Ancak ısrarla söylediklerimi yapmıyor! Onun vücudunu silmeyi bile teklif ettim.

05:17

İç çekip saate baktım. Bu saat olmuştu ve hala daha birkaç saatlik uykuyla duruyordu. Yoğun baş ağrısı yüzünden gece sıkça uyandı ve geri uyuyamadı. Ancak şimdi uykuya dalmış gibi görünüyor.

Yanımda yatan kişinin saçlarını okşadım. Henüz saçlarını yıkamamış da olsa hala yasemin kokuyorlardı. Hatta bütün vücudu yasemin kokuyordu. Duş almamamasına rağmen nasıl yasemin kokmayı başarıyor? Parfüm olduğunu sanmıyorum.

Güzel yüzünü uykusunda acıyla ekşitti.

"Keşke bir şey yapabilsem..." diye mırıldandım.

Yapacağım en yararlı şeyin hala uyanmamışken kalkıp kahvaltı hazırlamak olduğuna karar verdim. Kararımı uygulamak için yatakta doğrulduğumda gitmemi engelleyen küçük eller tarafından geri çekildim ve ince bir beden beni arkamdan kucakladı.

"Gitme..." dedi neredeyse fısıldayan bir sesle.

"Nereye gidiyorsun?" diye ekledi.

Şu anda yavru kedi gibi. Belime sarıldı ve hiçbir yere gitmemem için bırakmıyor.

"Kahvaltı hazırlayacağım P. Uyumaya çalış." diye yanıtladım.

"Uykum yok. Seninle gelmeme izin ver." dedi ve belime daha da sıkı sarıldı.

Sağ kolumun altından başını çıkarttı ve göğüsüme gömdü. Gerçekten kedi gibi...

"Dinlenmen gerek" dedim ve uzanması gereken yatağı işaret ettim.

"İstemiyorum, uykum yok. Aç da değilim" diye sızlandı.

Çocuk gibi davranıyor.

"Hayır. Dinlenmelisin ve uyandığında da yemek yemelisin. Gönüllüler kampına gitmek istemiyor musun?" diye tehdit ettim.

"Tamam yiyeceğim... ama gerçekten uykum yok. Seninle gelmeme izin ver Ai'Ning"

"Pekala." kabul ettim ve mutfağa doğru yol aldık.

Tezgahın arkasına geçip çekmeceden bir önlük kaptım.

"Ne yemek istersin?"

"Bilmiyorum" diye yanıtladı ve sandalyeye gömüldü.

Başı ağrıyor.

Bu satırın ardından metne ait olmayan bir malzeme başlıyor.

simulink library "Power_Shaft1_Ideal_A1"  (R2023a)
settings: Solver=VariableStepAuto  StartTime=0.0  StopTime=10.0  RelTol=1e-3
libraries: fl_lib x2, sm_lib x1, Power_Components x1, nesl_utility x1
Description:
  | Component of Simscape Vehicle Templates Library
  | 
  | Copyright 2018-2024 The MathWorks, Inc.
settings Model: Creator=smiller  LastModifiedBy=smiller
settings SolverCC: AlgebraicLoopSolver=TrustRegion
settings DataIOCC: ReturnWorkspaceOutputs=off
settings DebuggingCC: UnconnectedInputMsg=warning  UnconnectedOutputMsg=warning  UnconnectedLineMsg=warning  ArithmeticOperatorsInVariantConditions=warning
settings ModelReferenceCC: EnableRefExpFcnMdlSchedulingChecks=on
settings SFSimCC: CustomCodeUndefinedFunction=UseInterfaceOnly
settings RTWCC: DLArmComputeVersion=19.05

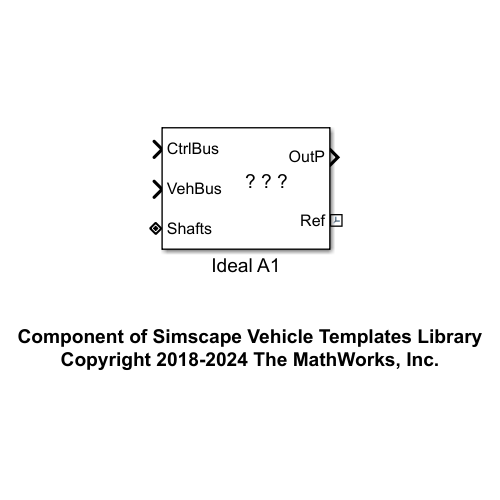
[thumbnail: Simulink's stored preview of the top-level diagram]
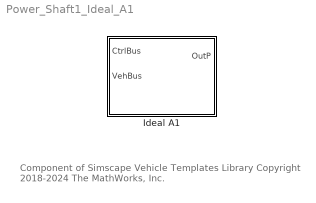
== system Power_Shaft1_Ideal_A1 ==
  note: Component of Simscape Vehicle Templates Library
      | Copyright 2018-2024 The MathWorks, Inc.
  Ideal A1 : Subsystem  VariantControl=IdealOneMotor  mask(Single Ideal Motor, First Axle){motor_ts_f=100}
      mask prompts: motor_ts_f "Motor Axle 1 Cutoff Frequency (Hz)"
      mask help: Models an ideal motor connected to first axle in vehicle driveline.
      mask Display: image('sm_car_vehicle_power_i1motor_A1_IMAGE.png');

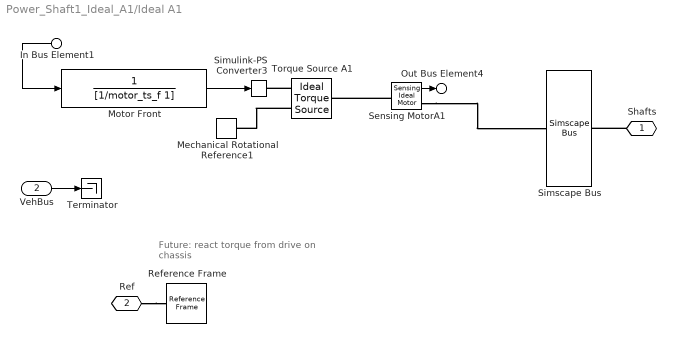
== system Power_Shaft1_Ideal_A1/Ideal A1 ==
  note: Future: react torque from
      | drive on chassis
  In Bus Element1 : Inport  PortName=CtrlBus  Element=MMotorA1Demand
  VehBus : Inport  Port=2
  Mechanical Rotational Reference1 : fl_lib/Mechanical/Rotational Elements/Mechanical Rotational Reference
  Motor Front : TransferFcn  Denominator=[1/motor_ts_f 1]
  Reference Frame : sm_lib/Frames and Transforms/Reference Frame
  Sensing MotorA1 : Power_Components/Sensing Ideal Motor  SystemSampleTime=-1  VariantActivationTime=update diagram  Latency=0  AutoFrameSizeCalculation=off
  Simscape Bus : SimscapeBus  HierarchyStrings=ShaftA1
  Simulink-PS Converter3 : nesl_utility/Simulink-PS Converter  PhysicalDomain=network_engine_domain  SubClassName=ps_input  LeftPortType=input  RightPortType=output  PseudoPeriodic=off  Frequencies=[]  NoiseDistribution=none  NoiseParameters=[]  Unit=1  AffineConversion=off  FilteringAndDerivatives=provide  SimscapeFilterOrder=1  InputFilterTimeConstant=0.001  UdotUserProvided=0
  Terminator : Terminator
  Torque Source A1 : fl_lib/Mechanical/Mechanical Sources/Ideal Torque Source
  Shafts : PMIOPort  Side=Left
  Ref : PMIOPort  Port=2  Side=Right
  Out Bus Element4 : Outport  VectorParamsAs1DForOutWhenUnconnected=off  PortName=OutP  Element=MotorA1
  wires:
  In Bus Element1/1 -> Motor Front/1
  Motor Front/1 -> Simulink-PS Converter3/1
  VehBus/1 -> Terminator/1
  Sensing MotorA1/1 -> Out Bus Element4/1
  connections:
  Sensing MotorA1/LConn1 -- Torque Source A1/LConn1
  Torque Source A1/RConn1 -- Simulink-PS Converter3/RConn1
  Torque Source A1/RConn2 -- Mechanical Rotational Reference1/LConn1
  Shafts/RConn1 -- Simscape Bus/RConn1
  Ref/RConn1 -- Reference Frame/RConn1
  Sensing MotorA1/RConn1 -- Simscape Bus/LConn1

Yatması gerekirken neden peşimden buraya geldi?

"Ne istersen yapabilirsin" dedi gülümseyerek.

Eski enerjisini kaybetmişti ve acı çekiyordu ancak yüzündeki gülümseme hep aynıydı. Asla yok olmuyordu.

Bir şeyler hazırlamaya başladığımda o da küçük bir çocuk gibi beni takip etmeye başladı. Yaptıklarımı dikkatle izliyordu. Havuçları dilimlerken bana arkamdan sarıldığında şaşırdım. Neden sürekli temas ediyor? Yalnız hissediyor olmalı...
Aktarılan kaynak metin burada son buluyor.